# Pulled my Injen intake filter today



## snowvette (Oct 9, 2012)

I thought the Injen instructions said not to run it short ram style. I know when I had the Injen and tryed it short ram, the LTFTs went way negative. So much so, I never tryed it full cold air style and sold it. Is imagine you could get Trifecta to adjust your tune for it if you haven't already.


----------



## spacedout (Dec 7, 2010)

That filter looks pretty dirty considering the mileage. I swapped out my factory filter at 32,000 miles, was still white with a few leaves in it. I could have left it longer but figured I already had the housing apart I might as well swap it out.


----------



## XtremeRevolution (Jan 19, 2012)

snowvette said:


> I thought the Injen instructions said not to run it short ram style. I know when I had the Injen and tryed it short ram, the LTFTs went way negative. So much so, I never tryed it full cold air style and sold it. Is imagine you could get Trifecta to adjust your tune for it if you haven't already.

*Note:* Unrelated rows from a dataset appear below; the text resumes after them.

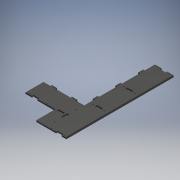
# Autodesk Inventor part: BA10
Saved by Autodesk Inventor 2017 (Build 210142000, 142)
## iProperties
Created: 2019-05-29
Part Number: BA10
Material: Wood (Cherry)
Document SubType Name: Modeling
Designer: Dell
Density: 0.63 g/cm^3
Appearance: Smooth - Black
Mass: 296.487 g
Surface Area: 1614.58 cm^2
Volume: 470.615 cm^3
Author: Dell
Autodesk Inventor part; units mm, degrees
ref_plane "YZ Plane" through (0, 0, 0) normal (1, 0, 0) x (0, 1, 0)
ref_plane "XZ Plane" through (0, 0, 0) normal (0, 1, 0) x (-1, 0, 0)
ref_plane "XY Plane" through (0, 0, 0) normal (0, 0, 1) x (1, 0, 0)
sketch "Sketch1" plane through (0, 0, 0) normal (0, 0, 1) x (1, 0, 0)
  line L0 (0, 0) -> (0, 355.6)
  line L1 (0, 355.6) -> (95.25, 355.6)
  line L2 (95.25, 355.6) -> (95.25, -184.15)
  line L3 (95.25, -184.15) -> (-208.3092, -184.15) construction
  line L4 (-208.3092, -184.15) -> (-208.3092, 0) construction
  line L5 (-208.3092, 0) -> (0, 0)
  line L6 (-208.3092, -184.15) -> (-55.9092, -184.15) construction
  line L7 (-55.9092, -184.15) -> (-55.9092, -88.9)
  line L8 (-55.9092, -88.9) -> (-208.3092, -88.9)
  line L9 (-208.3092, -88.9) -> (-208.3092, -184.15) construction
  line L10 (-208.3092, -88.9) -> (-208.3092, 0)
  line L11 (-55.9092, -184.15) -> (95.25, -184.15)
  line L12 (0, 304.8) -> (-7.62, 304.8)
  line L13 (-7.62, 304.8) -> (-7.62, 279.4)
  line L14 (-7.62, 279.4) -> (0, 279.4)
  line L15 (0, 279.4) -> (0, 304.8)
  line L16 (0, 165.1) -> (-7.62, 165.1)
  line L17 (-7.62, 165.1) -> (-7.62, 190.5)
  line L18 (-7.62, 190.5) -> (0, 190.5)
  line L19 (0, 190.5) -> (0, 165.1)
  line L20 (0, 76.2) -> (-7.62, 76.2)
  line L21 (-7.62, 76.2) -> (-7.62, 50.8)
  line L22 (-7.62, 50.8) -> (0, 50.8)
  line L23 (0, 50.8) -> (0, 76.2)
  line L24 (-6.35, -79.375) -> (0, -79.375)
  line L25 (0, -79.375) -> (0, -104.775)
  line L26 (0, -104.775) -> (-6.35, -104.775)
  line L27 (-6.35, -104.775) -> (-6.35, -79.375)
  line L28 (-7.62, -78.105) -> (1.27, -78.105)
  line L29 (1.27, -78.105) -> (1.27, -106.045)
  line L30 (1.27, -106.045) -> (-7.62, -106.045)
  line L31 (-7.62, -106.045) -> (-7.62, -78.105)
  point P0 (0, 177.8)
  point P1 (0, -92.075)
  point P2 (-6.35, -92.075)
  point P3 (-7.62, -92.075)
  point P4 (-3.175, -79.375)
  point P5 (-3.175, -78.105)
  point P6 (-208.3092, -92.075)
  dimension "d0" = 95.25
  dimension "d1" = 355.6
  dimension "d2" = 303.5592
  dimension "d3" = 184.15
  dimension "d4" = 152.4
  dimension "d5" = 95.25
  dimension "d6" = 7.62
  dimension "d7" = 25.4
  dimension "d8" = 25.4
  dimension "d9" = 25.4
  dimension "d10" = 50.8
  dimension "d11" = 50.8
  dimension "d12" = 6.35
  dimension "d13" = 25.4
  dimension "d14" = 1.27
  dimension "d15" = 1.27
  constraints: 64 end point, 12 parallel, 10 perpendicular, 8 midpoint, 7 horizontal, 4 point on line, 3 vertical alignment, 2 horizontal alignment, 2 vertical, 1 collinear
  measures "d0" distance between parallel lines of L2 L0
  measures "d1" distance of L0.start L0.end
  measures "d2" distance between parallel lines of L4 L2
  measures "d3" distance of L3.end L4.end
  measures "d4" distance of L7.end L8.end
  measures "d5" distance of L6.end L7.end
  measures "d6" distance of L14.end L13.end
  measures "d7" distance of L12.end L13.end
  measures "d8" distance of L16.end L17.end
  measures "d9" distance of L20.end L21.end
  measures "d10" distance between parallel lines of L1 L12
  measures "d11" distance between parallel lines of L5 L22
  measures "d12" distance of L25.end L26.end
  measures "d13" distance of L24.end L25.end
  measures "d14" distance between parallel lines of L28 L24
  measures "d15" distance between parallel lines of L29 L25
extrude "Extrusion1" add sketch "Sketch1" along normal blind 6.35 contours L0 L1 L2 L11 L7 L8 L10 L5 | L22 L21 L20 L0 | L16 L17 L18 L0 | L14 L13 L12 L0
sketch "Sketch3" plane through (0, 355.6, 0) normal (0, 1, 0) x (1, 0, 0)
  line L0 (95.25, 0) -> (95.25, -6.35) projected
  line L1 (95.25, 0) -> (91.5838, -6.35)
  line L2 (91.5838, -6.35) -> (95.25, -6.35)
  line L3 (95.25, -6.35) -> (91.5838, -6.35)
  line L4 (-208.3092, 0) -> (-208.3092, -6.35)
  line L5 (-208.3092, -6.35) -> (-204.6431, -6.35)
  line L6 (-208.3092, 0) -> (-208.3092, -6.35) projected
  line L7 (-204.6431, -6.35) -> (-208.3092, 0)
  line L8 (0, -6.35) -> (-208.3092, -6.35) projected
  line L9 (95.25, -6.35) -> (0, -6.35) projected
  dimension "d23" = 30
  dimension "d24" = 30
  constraints: 12 end point, 2 point on line, 1 collinear, 1 vertical
  measures "d23" angle of L0 L1
  measures "d24" angle of L4 L7
extrude "Extrusion2" cut sketch "Sketch3" against normal through all
sketch "Sketch4" plane through (0, 0, 6.35) normal (0, 0, 1) x (1, 0, 0)
  line L0 (-55.9092, -184.15) -> (91.5838, -184.15) projected
  line L1 (44.45, -184.15) -> (69.85, -184.15)
  line L2 (69.85, -184.15) -> (69.85, -176.53)
  line L3 (69.85, -176.53) -> (44.45, -176.53)
  line L4 (44.45, -176.53) -> (44.45, -184.15)
  line L5 (-7.62, -106.045) -> (-7.62, -78.105) projected
  point P0 (0, 0)
  dimension "d25" = 25.4
  dimension "d26" = 7.62
  dimension "d27" = 52.07
  constraints: 8 end point, 2 parallel, 1 horizontal, 1 perpendicular, 1 point on line
  measures "d25" distance of L3.end L2.end
  measures "d26" distance of L2.end L1.end
  measures "d27" distance between parallel lines of L4 L5
extrude "Extrusion3" cut sketch "Sketch4" against normal through all
sketch "Sketch5" plane through (0, 0, 6.35) normal (0, 0, 1) x (1, 0, 0)
  line L0 (33.0919, 355.6) -> (58.4919, 355.6)
  line L1 (58.4919, 355.6) -> (58.4919, 347.98)
  line L2 (58.4919, 347.98) -> (33.0919, 347.98)
  line L3 (33.0919, 347.98) -> (33.0919, 355.6)
  line L4 (91.5838, 355.6) -> (0, 355.6) projected
  point P0 (0, 0)
  point P1 (45.7919, 355.6)
  dimension "d30" = 7.62
  dimension "d31" = 25.4
  constraints: 8 end point, 2 midpoint, 2 parallel, 1 horizontal, 1 perpendicular
  measures "d30" distance of L2.end L0.start
  measures "d31" distance of L1.end L2.end
extrude "Extrusion4" cut sketch "Sketch5" against normal through all
sketch "Sketch6" plane through (0, 0, 6.35) normal (0, 0, 1) x (1, 0, 0)
  line L0 (33.0919, 31.75) -> (58.4919, 31.75)
  line L1 (58.4919, 31.75) -> (58.4919, 25.4)
  line L2 (58.4919, 25.4) -> (33.0919, 25.4)
  line L3 (33.0919, 25.4) -> (33.0919, 31.75)
  line L4 (-55.9092, -184.15) -> (44.45, -184.15) projected
  line L5 (58.4919, 347.98) -> (33.0919, 347.98) projected
  point P0 (0, 0)
  point P1 (45.7919, 31.75)
  point P2 (45.7919, 347.98)
  dimension "d34" = 25.4
  dimension "d35" = 6.35
  dimension "d36" = 209.55
  constraints: 8 end point, 2 midpoint, 2 parallel, 1 horizontal, 1 perpendicular, 1 vertical alignment
  measures "d34" distance of L1.end L2.end
  measures "d35" distance of L0.end L1.end
  measures "d36" distance between parallel lines of L4 L2
extrude "Extrusion5" cut sketch "Sketch6" against normal through all
sketch "Sketch7" plane through (0, 0, 6.35) normal (0, 0, 1) x (1, 0, 0)
  line L0 (33.0919, 184.15) -> (58.4919, 184.15)
  line L1 (58.4919, 184.15) -> (58.4919, 177.8)
  line L2 (58.4919, 177.8) -> (33.0919, 177.8)
  line L3 (33.0919, 177.8) -> (33.0919, 184.15)
  line L4 (58.4919, 347.98) -> (33.0919, 347.98) projected
  line L5 (33.0919, 355.6) -> (0, 355.6) projected
  point P0 (0, 0)
  point P1 (45.7919, 184.15)
  point P2 (45.7919, 347.98)
  dimension "d39" = 25.4
  dimension "d40" = 6.35
  dimension "d41" = 177.8
  constraints: 8 end point, 2 midpoint, 2 parallel, 1 horizontal, 1 perpendicular, 1 vertical alignment
  measures "d39" distance of L1.end L2.end
  measures "d40" distance of L0.end L1.end
  measures "d41" distance between parallel lines of L5 L2
extrude "Extrusion6" cut sketch "Sketch7" against normal through all
sketch "Sketch8" plane through (0, 0, 6.35) normal (0, 0, 1) x (1, 0, 0)
  line L0 (-170.2092, 0) -> (-144.8092, 0)
  line L1 (-144.8092, 0) -> (-144.8092, 7.62)
  line L2 (-144.8092, 7.62) -> (-170.2092, 7.62)
  line L3 (-170.2092, 7.62) -> (-170.2092, 0)
  line L4 (-68.6092, 0) -> (-43.2092, 0)
  line L5 (-43.2092, 0) -> (-43.2092, 7.62)
  line L6 (-43.2092, 7.62) -> (-68.6092, 7.62)
  line L7 (-68.6092, 7.62) -> (-68.6092, 0)
  line L8 (-157.5092, 7.62) -> (-55.9092, 7.62) construction
  line L9 (0, 0) -> (-208.3092, 0) projected
  dimension "d44" = 25.4
  dimension "d45" = 7.62
  dimension "d46" = 25.4
  dimension "d47" = 7.62
  dimension "d48" = 101.6
  dimension "d51" = 38.1
  constraints: 18 end point, 4 parallel, 2 horizontal, 2 midpoint, 2 perpendicular, 2 point on line
  measures "d44" distance of L2.end L1.end
  measures "d45" distance of L1.end L0.end
  measures "d46" distance of L6.end L5.end
  measures "d47" distance of L5.end L4.end
  measures "d48" distance of L8.start L8.end
  measures "d51" horizontal distance of L2.end L9.end
extrude "Extrusion7" add sketch "Sketch8" against normal blind 6.35
sketch "Sketch9" plane through (0, 0, 6.35) normal (0, 0, 1) x (1, 0, 0)
  line L0 (33.0919, 28.575) -> (0, 28.575) construction
  line L1 (0, 50.8) -> (0, 0) construction
  line L2 (58.4919, 28.575) -> (91.5838, 28.575) construction
  line L3 (91.5838, -184.15) -> (91.5838, 355.6) construction
  circle A0 centre (16.546, 28.575) radius 2.25
  circle A1 centre (75.0379, 28.575) radius 2.25
  line L4 (33.0919, 25.4) -> (33.0919, 31.75) projected
  line L5 (58.4919, 31.75) -> (58.4919, 25.4) projected
  circle A2 centre (16.546, 180.975) radius 2.25
  circle A3 centre (75.0379, 180.975) radius 2.25
  line L6 (58.4919, 184.15) -> (58.4919, 177.8) projected
  circle A4 centre (16.546, 351.79) radius 2.25
  circle A5 centre (75.0379, 351.79) radius 2.25
  line L7 (33.0919, 347.98) -> (33.0919, 355.6) projected
  circle A6 centre (-3.175, -39.0525) radius 2.25
  circle A7 centre (-3.175, -145.0975) radius 2.25
  line L8 (1.27, -106.045) -> (-7.62, -106.045) construction
  line L9 (-7.62, -78.105) -> (1.27, -78.105) construction
  line L10 (-3.175, -78.105) -> (-3.175, 0) construction
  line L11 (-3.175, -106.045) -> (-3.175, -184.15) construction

I have a screen installed that smooths airflow across the MAF, and I also have a Trifecta tune. 



spacedout said:


> That filter looks pretty dirty considering the mileage. I swapped out my factory filter at 32,000 miles, was still white with a few leaves in it. I could have left it longer but figured I already had the housing apart I might as well swap it out.


I honestly don't know how many miles are on it exactly. limited360 owned it before I did and he sold his Cruze with 20k miles on it. I installed it some time between 5k and 10k and now have 34k. 

It is indeed pretty dirty. I imagine that the dirt has a lot to do with it being installed as a CAI. 

Sent from mobile.


----------



## Calintz (Jul 21, 2011)

Looks like the filter is holding up nicely. I had to replace mine because it had a hole in it so I got an K&N filter. Hey Anderi do you have a picture of the screen you installed?


----------



## ErikBEggs (Aug 20, 2011)

I changed mine after 25K and it wasn't dirty at all. The Hydroshield screens all of the dirt of significant size.


----------



## XtremeRevolution (Jan 19, 2012)

Calintz said:


> Looks like the filter is holding up nicely. I had to replace mine because it had a hole in it so I got an K&N filter. Hey Anderi do you have a picture of the screen you installed?


I do not. Just a piece of window screen stretched over the pipe, then the coupler over that.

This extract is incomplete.